Infection can also be considered a potential effect modifier of traditional CVD risk. Azambuja & Duncan discuss that the risk of CVD associated with fat/cholesterol intake may depend on prior influenza infection. Other findings have supported this hypothesis, and it has been suggested that physical activity, smoking, and lipids can modulate immune status and thus susceptibility to infections that are potentially important in atherogenesis (O'Connor, 2001).
The importance of this nascent field associating chronic diseases with infections was recently highlighted in a symposium that critically examined the role of infectious agents in ulcer, cancer, obesity, atherosclerosis, and diabetes (Dhurandhar, 2001). However, to establish a causal link between infection and any chronic disease is a difficult task, because the presence of microorganisms may be undetectable by the time the disease is diagnosed, and the presence of antibodies does not establish a causal relationship. These methodological constraints were overcame in the case of the association between gastric cancer and H. pylori. The association was first suggested in the 1980s and is now well accepted, allowing the prevention of this chronic disease by antimicrobial agents. A similar therapeutic approach has been discussed for CVD prevention, but an inappropriate therapy for such highly prevalent diseases could lead to resistance in both targeted and non-targeted organisms (O'Connor et al., 2001). In conclusion, many new preventive strategies and treatment options could be developed if this infectious pathway proves to be true for CVD.

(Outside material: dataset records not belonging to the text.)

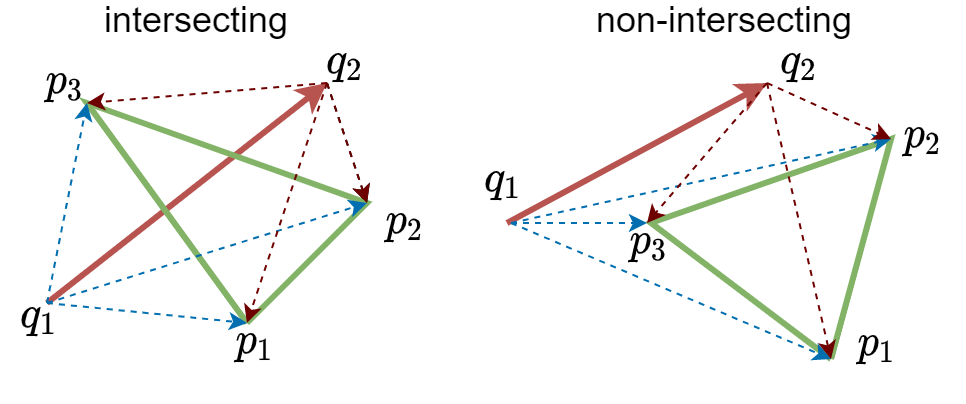

The diagram above was exported from draw.io. Its source (the exported page's mxGraphModel, read from the mxfile embedded in the PNG):
<mxGraphModel dx="576" dy="800" grid="1" gridSize="10" guides="1" tooltips="1" connect="1" arrows="1" fold="1" page="1" pageScale="1" pageWidth="850" pageHeight="1100" math="1" shadow="0">
  <root>
    <mxCell id="0" />
    <mxCell id="1" parent="0" />
    <mxCell id="2" value="" style="endArrow=classic;html=1;fillColor=#f8cecc;strokeColor=#b85450;strokeWidth=3;" parent="1" edge="1">
      <mxGeometry width="50" height="50" relative="1" as="geometry">
        <mxPoint x="200" y="410" as="sourcePoint" />
        <mxPoint x="340" y="300" as="targetPoint" />
      </mxGeometry>
    </mxCell>
    <mxCell id="6" value="" style="endArrow=none;html=1;fillColor=#d5e8d4;strokeColor=#82b366;strokeWidth=3;rounded=0;endFill=0;" parent="1" edge="1">
      <mxGeometry width="50" height="50" relative="1" as="geometry">
        <mxPoint x="300" y="420" as="sourcePoint" />
        <mxPoint x="300" y="420" as="targetPoint" />
        <Array as="points">
          <mxPoint x="360" y="360" />
          <mxPoint x="220" y="310" />
        </Array>
      </mxGeometry>
    </mxCell>
    <mxCell id="7" value="" style="endArrow=classic;html=1;dashed=1;fillColor=#1ba1e2;strokeColor=#006EAF;" parent="1" edge="1">
      <mxGeometry width="50" height="50" relative="1" as="geometry">
        <mxPoint x="200" y="410" as="sourcePoint" />
        <mxPoint x="300" y="420" as="targetPoint" />
      </mxGeometry>
    </mxCell>
    <mxCell id="8" value="" style="endArrow=classic;html=1;dashed=1;fillColor=#1ba1e2;strokeColor=#006EAF;" parent="1" edge="1">
      <mxGeometry width="50" height="50" relative="1" as="geometry">
        <mxPoint x="200" y="410" as="sourcePoint" />
        <mxPoint x="220" y="310" as="targetPoint" />
      </mxGeometry>
    </mxCell>
    <mxCell id="9" value="" style="endArrow=classic;html=1;dashed=1;fillColor=#1ba1e2;strokeColor=#006EAF;" parent="1" edge="1">
      <mxGeometry width="50" height="50" relative="1" as="geometry">
        <mxPoint x="200" y="410" as="sourcePoint" />
        <mxPoint x="360" y="360" as="targetPoint" />
      </mxGeometry>
    </mxCell>
    <mxCell id="10" value="" style="endArrow=classic;html=1;dashed=1;" parent="1" edge="1">
      <mxGeometry width="50" height="50" relative="1" as="geometry">
        <mxPoint x="340" y="300" as="sourcePoint" />
        <mxPoint x="360" y="360" as="targetPoint" />
      </mxGeometry>
    </mxCell>
    <mxCell id="11" value="" style="endArrow=classic;html=1;dashed=1;fillColor=#a20025;strokeColor=#6F0000;" parent="1" edge="1">
      <mxGeometry width="50" height="50" relative="1" as="geometry">
        <mxPoint x="340" y="300" as="sourcePoint" />
        <mxPoint x="300" y="420" as="targetPoint" />
      </mxGeometry>
    </mxCell>
    <mxCell id="12" value="" style="endArrow=classic;html=1;dashed=1;fillColor=#a20025;strokeColor=#6F0000;fontSize=18;labelBackgroundColor=#FFFFFF;" parent="1" edge="1">
      <mxGeometry width="50" height="50" relative="1" as="geometry">
        <mxPoint x="340" y="300" as="sourcePoint" />
        <mxPoint x="220" y="310" as="targetPoint" />
      </mxGeometry>
    </mxCell>
    <mxCell id="14" value="" style="endArrow=classic;html=1;dashed=1;fillColor=#a20025;strokeColor=#6F0000;" parent="1" edge="1">
      <mxGeometry width="50" height="50" relative="1" as="geometry">
        <mxPoint x="340" y="300" as="sourcePoint" />
        <mxPoint x="360" y="360" as="targetPoint" />
      </mxGeometry>
    </mxCell>
    <mxCell id="17" value="$$p_1$$" style="text;html=1;strokeColor=none;fillColor=none;align=center;verticalAlign=middle;whiteSpace=wrap;rounded=0;fontColor=#000000;fontSize=18;labelBackgroundColor=none;" parent="1" vertex="1">
      <mxGeometry x="285" y="420" width="40" height="20" as="geometry" />
    </mxCell>
    <mxCell id="18" value="$$p_2$$" style="text;html=1;strokeColor=none;fillColor=none;align=center;verticalAlign=middle;whiteSpace=wrap;rounded=0;fontColor=#000000;fontSize=18;labelBackgroundColor=none;" parent="1" vertex="1">
      <mxGeometry x="360" y="360" width="40" height="20" as="geometry" />
    </mxCell>
    <mxCell id="19" value="$$p_3$$" style="text;html=1;strokeColor=none;fillColor=none;align=center;verticalAlign=middle;whiteSpace=wrap;rounded=0;fontColor=#000000;fontSize=18;labelBackgroundColor=none;" parent="1" vertex="1">
      <mxGeometry x="190" y="290" width="40" height="20" as="geometry" />
    </mxCell>
    <mxCell id="20" value="$$q_2$$" style="text;html=1;strokeColor=none;fillColor=none;align=center;verticalAlign=middle;whiteSpace=wrap;rounded=0;fontColor=#000000;fontSize=18;labelBackgroundColor=none;" parent="1" vertex="1">
      <mxGeometry x="330" y="280" width="40" height="20" as="geometry" />
    </mxCell>
    <mxCell id="22" value="$$q_1$$" style="text;html=1;strokeColor=none;fillColor=none;align=center;verticalAlign=middle;whiteSpace=wrap;rounded=0;fontColor=#000000;fontSize=18;labelBackgroundColor=none;" parent="1" vertex="1">
      <mxGeometry x="177" y="407" width="40" height="20" as="geometry" />
    </mxCell>
    <mxCell id="23" value="" style="endArrow=classic;html=1;fillColor=#f8cecc;strokeColor=#b85450;strokeWidth=3;" parent="1" edge="1">
      <mxGeometry width="50" height="50" relative="1" as="geometry">
        <mxPoint x="430" y="370" as="sourcePoint" />
        <mxPoint x="560" y="300" as="targetPoint" />
      </mxGeometry>
    </mxCell>
    <mxCell id="24" value="" style="endArrow=none;html=1;fillColor=#d5e8d4;strokeColor=#82b366;strokeWidth=3;jumpSize=6;rounded=0;endFill=0;" parent="1" edge="1">
      <mxGeometry width="50" height="50" relative="1" as="geometry">
        <mxPoint x="592" y="438" as="sourcePoint" />
        <mxPoint x="592" y="438" as="targetPoint" />
        <Array as="points">
          <mxPoint x="622" y="328" />
          <mxPoint x="502" y="370" />
        </Array>
      </mxGeometry>
    </mxCell>
    <mxCell id="25" value="" style="endArrow=classic;html=1;dashed=1;fillColor=#1ba1e2;strokeColor=#006EAF;" parent="1" edge="1">
      <mxGeometry width="50" height="50" relative="1" as="geometry">
        <mxPoint x="432" y="370" as="sourcePoint" />
        <mxPoint x="592" y="438" as="targetPoint" />
      </mxGeometry>
    </mxCell>
    <mxCell id="26" value="" style="endArrow=classic;html=1;dashed=1;fillColor=#1ba1e2;strokeColor=#006EAF;" parent="1" edge="1">
      <mxGeometry width="50" height="50" relative="1" as="geometry">
        <mxPoint x="432" y="370" as="sourcePoint" />
        <mxPoint x="500" y="370" as="targetPoint" />
      </mxGeometry>
    </mxCell>
    <mxCell id="27" value="" style="endArrow=classic;html=1;dashed=1;fillColor=#1ba1e2;strokeColor=#006EAF;" parent="1" edge="1">
      <mxGeometry width="50" height="50" relative="1" as="geometry">
        <mxPoint x="432" y="370" as="sourcePoint" />
        <mxPoint x="622" y="328" as="targetPoint" />
      </mxGeometry>
    </mxCell>
    <mxCell id="29" value="" style="endArrow=classic;html=1;dashed=1;fillColor=#a20025;strokeColor=#6F0000;" parent="1" edge="1">
      <mxGeometry width="50" height="50" relative="1" as="geometry">
        <mxPoint x="560" y="300" as="sourcePoint" />
        <mxPoint x="592" y="438" as="targetPoint" />
      </mxGeometry>
    </mxCell>
    <mxCell id="30" value="" style="endArrow=classic;html=1;dashed=1;fillColor=#a20025;strokeColor=#6F0000;fontSize=18;labelBackgroundColor=#FFFFFF;" parent="1" edge="1">
      <mxGeometry width="50" height="50" relative="1" as="geometry">
        <mxPoint x="560" y="300" as="sourcePoint" />
        <mxPoint x="500" y="370" as="targetPoint" />
      </mxGeometry>
    </mxCell>
    <mxCell id="31" value="" style="endArrow=classic;html=1;dashed=1;fillColor=#a20025;strokeColor=#6F0000;" parent="1" edge="1">
      <mxGeometry width="50" height="50" relative="1" as="geometry">
        <mxPoint x="560" y="300" as="sourcePoint" />
        <mxPoint x="622" y="328" as="targetPoint" />
      </mxGeometry>
    </mxCell>
    <mxCell id="32" value="$$p_1$$" style="text;html=1;strokeColor=none;fillColor=none;align=center;verticalAlign=middle;whiteSpace=wrap;rounded=0;fontColor=#000000;fontSize=18;labelBackgroundColor=none;" parent="1" vertex="1">
      <mxGeometry x="596" y="421" width="40" height="20" as="geometry" />
    </mxCell>
    <mxCell id="33" value="$$p_2$$" style="text;html=1;strokeColor=none;fillColor=none;align=center;verticalAlign=middle;whiteSpace=wrap;rounded=0;fontColor=#000000;fontSize=18;labelBackgroundColor=none;" parent="1" vertex="1">
      <mxGeometry x="619" y="317" width="40" height="20" as="geometry" />
    </mxCell>
    <mxCell id="34" value="$$p_3$$" style="text;html=1;strokeColor=none;fillColor=none;align=center;verticalAlign=middle;whiteSpace=wrap;rounded=0;fontColor=#000000;fontSize=18;labelBackgroundColor=none;" parent="1" vertex="1">
      <mxGeometry x="482" y="370" width="40" height="20" as="geometry" />
    </mxCell>
    <mxCell id="35" value="$$q_2$$" style="text;html=1;strokeColor=none;fillColor=none;align=center;verticalAlign=middle;whiteSpace=wrap;rounded=0;fontColor=#000000;fontSize=18;labelBackgroundColor=none;" parent="1" vertex="1">
      <mxGeometry x="557" y="280" width="40" height="20" as="geometry" />
    </mxCell>
    <mxCell id="36" value="$$q_1$$" style="text;html=1;strokeColor=none;fillColor=none;align=center;verticalAlign=middle;whiteSpace=wrap;rounded=0;fontColor=#000000;fontSize=18;labelBackgroundColor=none;" parent="1" vertex="1">
      <mxGeometry x="409" y="339" width="40" height="20" as="geometry" />
    </mxCell>
    <mxCell id="37" value="intersecting" style="text;html=1;strokeColor=none;fillColor=none;align=center;verticalAlign=middle;whiteSpace=wrap;rounded=0;labelBackgroundColor=none;fontSize=18;" parent="1" vertex="1">
      <mxGeometry x="220" y="259" width="110" height="20" as="geometry" />
    </mxCell>
    <mxCell id="38" value="non-intersecting" style="text;html=1;strokeColor=none;fillColor=none;align=center;verticalAlign=middle;whiteSpace=wrap;rounded=0;labelBackgroundColor=none;fontSize=18;" parent="1" vertex="1">
      <mxGeometry x="459" y="259" width="160" height="20" as="geometry" />
    </mxCell>
  </root>
</mxGraphModel>

DHURANDHAR, N. V., 2001. Chronic nutritional diseases of infectious origin: An assessment of a nascent field. Journal of Nutrition, 131:2787-2810.
GILLUM, R. F.; JACOBS Jr., D. R.; LUEPKER, R. V.; PRINEAS, R. J.; HANNAN, P.; BAXTER, J.; GOMEZ-MARIN, O.; KOTTKE, T. E. & BLACKBURN, H., 1984. Cardiovascular mortality trends in Minnesota, 1960-1978. The Minnesota Heart Survey. Journal of Chronic Diseases, 37:301-309.
O'CONNOR, S.; TAYLOR, C.; CAMPBELL, L. A.; EPSTEIN, S. & LIBBY, P., 2001. Potential infectious etiologies of atherosclerosis: A multifactorial perspective. Emerging Infectious Disease, 7:780-788.